* What you should do *
Print what the records say exactly, and omit the pictures.

:: Data to use

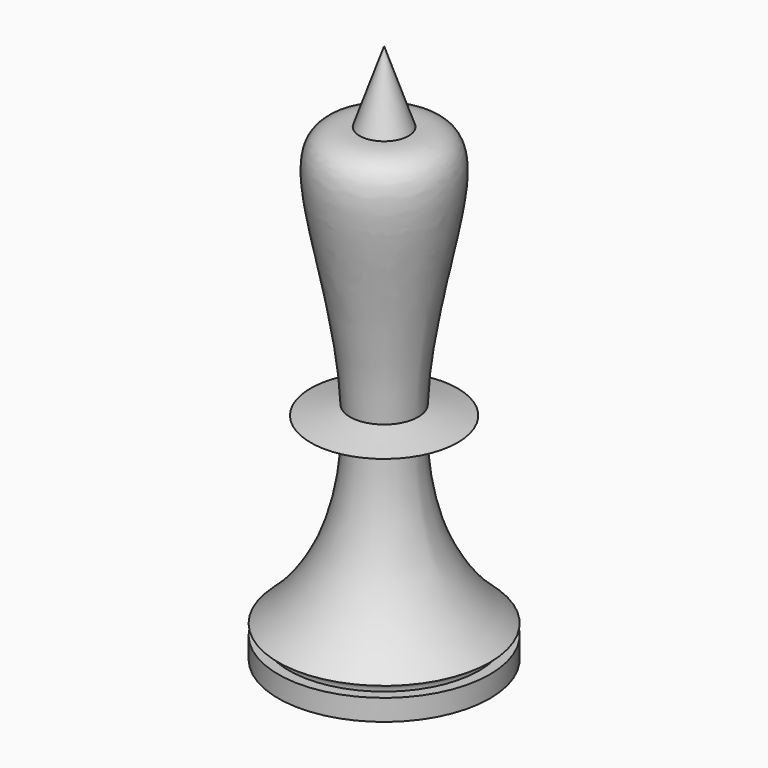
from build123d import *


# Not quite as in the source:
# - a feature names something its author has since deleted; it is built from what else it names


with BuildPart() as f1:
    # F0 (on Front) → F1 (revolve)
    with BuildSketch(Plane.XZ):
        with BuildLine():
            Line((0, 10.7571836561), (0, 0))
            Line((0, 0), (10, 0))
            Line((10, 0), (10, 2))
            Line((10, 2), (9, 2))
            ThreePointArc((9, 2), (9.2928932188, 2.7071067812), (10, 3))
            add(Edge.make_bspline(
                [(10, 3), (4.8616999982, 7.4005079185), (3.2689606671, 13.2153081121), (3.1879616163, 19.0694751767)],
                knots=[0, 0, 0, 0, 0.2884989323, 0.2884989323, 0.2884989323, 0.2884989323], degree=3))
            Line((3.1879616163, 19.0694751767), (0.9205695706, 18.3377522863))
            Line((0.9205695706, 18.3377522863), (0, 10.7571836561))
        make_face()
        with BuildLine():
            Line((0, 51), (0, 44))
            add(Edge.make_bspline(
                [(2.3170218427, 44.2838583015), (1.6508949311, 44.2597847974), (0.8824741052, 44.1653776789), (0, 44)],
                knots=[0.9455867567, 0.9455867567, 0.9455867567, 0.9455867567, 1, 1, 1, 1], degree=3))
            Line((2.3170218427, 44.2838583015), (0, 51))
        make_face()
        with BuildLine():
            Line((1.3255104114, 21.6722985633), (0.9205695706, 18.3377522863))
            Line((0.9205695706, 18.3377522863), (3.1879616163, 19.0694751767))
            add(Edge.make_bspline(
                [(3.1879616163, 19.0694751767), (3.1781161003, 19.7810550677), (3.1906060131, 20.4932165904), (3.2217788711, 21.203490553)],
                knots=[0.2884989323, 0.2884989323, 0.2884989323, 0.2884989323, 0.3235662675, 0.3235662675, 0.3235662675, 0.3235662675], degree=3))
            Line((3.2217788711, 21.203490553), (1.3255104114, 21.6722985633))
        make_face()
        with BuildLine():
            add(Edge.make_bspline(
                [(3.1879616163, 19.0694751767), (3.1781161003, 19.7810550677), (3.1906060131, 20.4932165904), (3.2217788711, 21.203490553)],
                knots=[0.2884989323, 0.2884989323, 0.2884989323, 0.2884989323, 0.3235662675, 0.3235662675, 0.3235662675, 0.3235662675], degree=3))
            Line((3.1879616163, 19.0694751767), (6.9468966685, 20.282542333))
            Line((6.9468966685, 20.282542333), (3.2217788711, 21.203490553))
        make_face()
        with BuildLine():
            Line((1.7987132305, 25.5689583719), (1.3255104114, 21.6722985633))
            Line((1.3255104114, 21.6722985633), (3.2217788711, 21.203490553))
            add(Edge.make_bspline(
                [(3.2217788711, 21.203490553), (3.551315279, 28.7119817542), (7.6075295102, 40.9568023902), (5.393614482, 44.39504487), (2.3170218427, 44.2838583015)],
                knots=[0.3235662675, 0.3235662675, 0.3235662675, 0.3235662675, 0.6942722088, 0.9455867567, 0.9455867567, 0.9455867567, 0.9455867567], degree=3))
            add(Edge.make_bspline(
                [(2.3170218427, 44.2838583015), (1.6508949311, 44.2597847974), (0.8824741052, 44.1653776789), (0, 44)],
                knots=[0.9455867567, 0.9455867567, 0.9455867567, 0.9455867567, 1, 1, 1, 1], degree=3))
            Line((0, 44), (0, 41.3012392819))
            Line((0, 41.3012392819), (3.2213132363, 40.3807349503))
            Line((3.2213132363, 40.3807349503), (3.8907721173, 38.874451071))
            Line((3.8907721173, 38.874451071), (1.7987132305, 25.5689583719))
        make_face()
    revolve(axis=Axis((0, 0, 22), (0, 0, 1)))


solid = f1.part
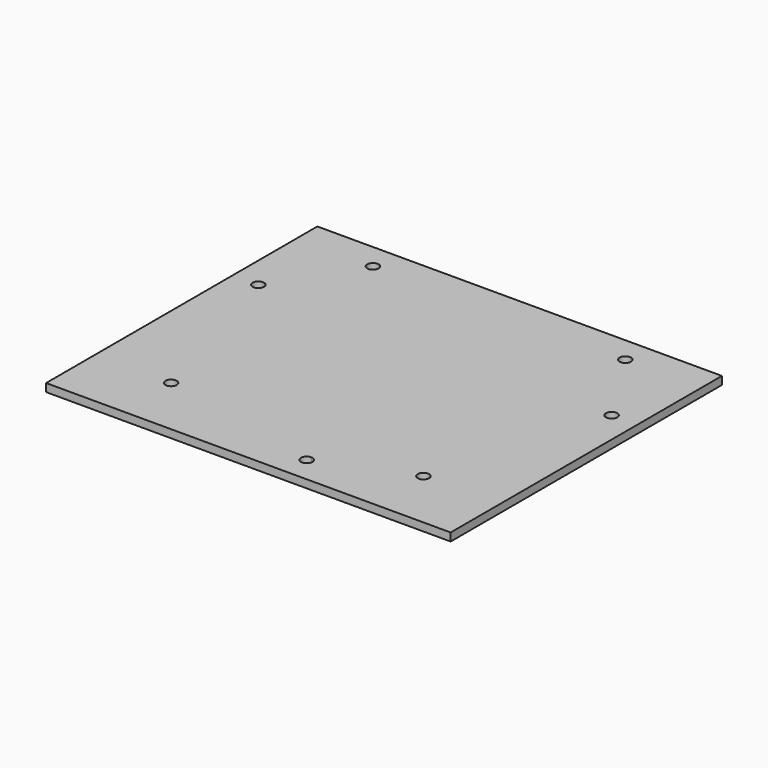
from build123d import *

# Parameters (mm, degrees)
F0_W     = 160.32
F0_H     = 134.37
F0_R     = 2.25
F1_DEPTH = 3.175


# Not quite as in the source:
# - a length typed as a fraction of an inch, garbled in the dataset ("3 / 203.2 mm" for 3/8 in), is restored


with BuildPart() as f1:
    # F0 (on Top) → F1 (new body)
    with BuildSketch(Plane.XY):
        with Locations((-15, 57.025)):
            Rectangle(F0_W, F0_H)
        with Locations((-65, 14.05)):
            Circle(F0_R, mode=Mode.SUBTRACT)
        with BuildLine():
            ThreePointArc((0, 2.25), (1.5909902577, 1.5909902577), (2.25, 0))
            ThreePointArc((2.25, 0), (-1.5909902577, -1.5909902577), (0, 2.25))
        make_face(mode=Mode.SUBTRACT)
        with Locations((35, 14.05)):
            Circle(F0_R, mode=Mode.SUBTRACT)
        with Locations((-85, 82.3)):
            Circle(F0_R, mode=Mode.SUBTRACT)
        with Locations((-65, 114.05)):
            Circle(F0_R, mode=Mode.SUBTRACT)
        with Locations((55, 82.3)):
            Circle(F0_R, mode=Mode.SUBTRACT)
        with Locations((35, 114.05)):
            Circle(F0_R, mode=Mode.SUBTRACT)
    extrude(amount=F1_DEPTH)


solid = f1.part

::::

* Solution *
from build123d import *


# Not quite as in the source:
# - a feature names something its author has since deleted; it is built from what else it names


with BuildPart() as f1:
    # F0 (on Front) → F1 (revolve)
    with BuildSketch(Plane.XZ):
        with BuildLine():
            Line((0, 10.7571836561), (0, 0))
            Line((0, 0), (10, 0))
            Line((10, 0), (10, 2))
            Line((10, 2), (9, 2))
            ThreePointArc((9, 2), (9.2928932188, 2.7071067812), (10, 3))
            add(Edge.make_bspline(
                [(10, 3), (4.8616999982, 7.4005079185), (3.2689606671, 13.2153081121), (3.1879616163, 19.0694751767)],
                knots=[0, 0, 0, 0, 0.2884989323, 0.2884989323, 0.2884989323, 0.2884989323], degree=3))
            Line((3.1879616163, 19.0694751767), (0.9205695706, 18.3377522863))
            Line((0.9205695706, 18.3377522863), (0, 10.7571836561))
        make_face()
        with BuildLine():
            Line((0, 51), (0, 44))
            add(Edge.make_bspline(
                [(2.3170218427, 44.2838583015), (1.6508949311, 44.2597847974), (0.8824741052, 44.1653776789), (0, 44)],
                knots=[0.9455867567, 0.9455867567, 0.9455867567, 0.9455867567, 1, 1, 1, 1], degree=3))
            Line((2.3170218427, 44.2838583015), (0, 51))
        make_face()
        with BuildLine():
            Line((1.3255104114, 21.6722985633), (0.9205695706, 18.3377522863))
            Line((0.9205695706, 18.3377522863), (3.1879616163, 19.0694751767))
            add(Edge.make_bspline(
                [(3.1879616163, 19.0694751767), (3.1781161003, 19.7810550677), (3.1906060131, 20.4932165904), (3.2217788711, 21.203490553)],
                knots=[0.2884989323, 0.2884989323, 0.2884989323, 0.2884989323, 0.3235662675, 0.3235662675, 0.3235662675, 0.3235662675], degree=3))
            Line((3.2217788711, 21.203490553), (1.3255104114, 21.6722985633))
        make_face()
        with BuildLine():
            add(Edge.make_bspline(
                [(3.1879616163, 19.0694751767), (3.1781161003, 19.7810550677), (3.1906060131, 20.4932165904), (3.2217788711, 21.203490553)],
                knots=[0.2884989323, 0.2884989323, 0.2884989323, 0.2884989323, 0.3235662675, 0.3235662675, 0.3235662675, 0.3235662675], degree=3))
            Line((3.1879616163, 19.0694751767), (6.9468966685, 20.282542333))
            Line((6.9468966685, 20.282542333), (3.2217788711, 21.203490553))
        make_face()
        with BuildLine():
            Line((1.7987132305, 25.5689583719), (1.3255104114, 21.6722985633))
            Line((1.3255104114, 21.6722985633), (3.2217788711, 21.203490553))
            add(Edge.make_bspline(
                [(3.2217788711, 21.203490553), (3.551315279, 28.7119817542), (7.6075295102, 40.9568023902), (5.393614482, 44.39504487), (2.3170218427, 44.2838583015)],
                knots=[0.3235662675, 0.3235662675, 0.3235662675, 0.3235662675, 0.6942722088, 0.9455867567, 0.9455867567, 0.9455867567, 0.9455867567], degree=3))
            add(Edge.make_bspline(
                [(2.3170218427, 44.2838583015), (1.6508949311, 44.2597847974), (0.8824741052, 44.1653776789), (0, 44)],
                knots=[0.9455867567, 0.9455867567, 0.9455867567, 0.9455867567, 1, 1, 1, 1], degree=3))
            Line((0, 44), (0, 41.3012392819))
            Line((0, 41.3012392819), (3.2213132363, 40.3807349503))
            Line((3.2213132363, 40.3807349503), (3.8907721173, 38.874451071))
            Line((3.8907721173, 38.874451071), (1.7987132305, 25.5689583719))
        make_face()
    revolve(axis=Axis((0, 0, 22), (0, 0, 1)))


solid = f1.part
from build123d import *

# Parameters (mm, degrees)
F0_W     = 160.32
F0_H     = 134.37
F0_R     = 2.25
F1_DEPTH = 3.175


# Not quite as in the source:
# - a length typed as a fraction of an inch, garbled in the dataset ("3 / 203.2 mm" for 3/8 in), is restored


with BuildPart() as f1:
    # F0 (on Top) → F1 (new body)
    with BuildSketch(Plane.XY):
        with Locations((-15, 57.025)):
            Rectangle(F0_W, F0_H)
        with Locations((-65, 14.05)):
            Circle(F0_R, mode=Mode.SUBTRACT)
        with BuildLine():
            ThreePointArc((0, 2.25), (1.5909902577, 1.5909902577), (2.25, 0))
            ThreePointArc((2.25, 0), (-1.5909902577, -1.5909902577), (0, 2.25))
        make_face(mode=Mode.SUBTRACT)
        with Locations((35, 14.05)):
            Circle(F0_R, mode=Mode.SUBTRACT)
        with Locations((-85, 82.3)):
            Circle(F0_R, mode=Mode.SUBTRACT)
        with Locations((-65, 114.05)):
            Circle(F0_R, mode=Mode.SUBTRACT)
        with Locations((55, 82.3)):
            Circle(F0_R, mode=Mode.SUBTRACT)
        with Locations((35, 114.05)):
            Circle(F0_R, mode=Mode.SUBTRACT)
    extrude(amount=F1_DEPTH)


solid = f1.part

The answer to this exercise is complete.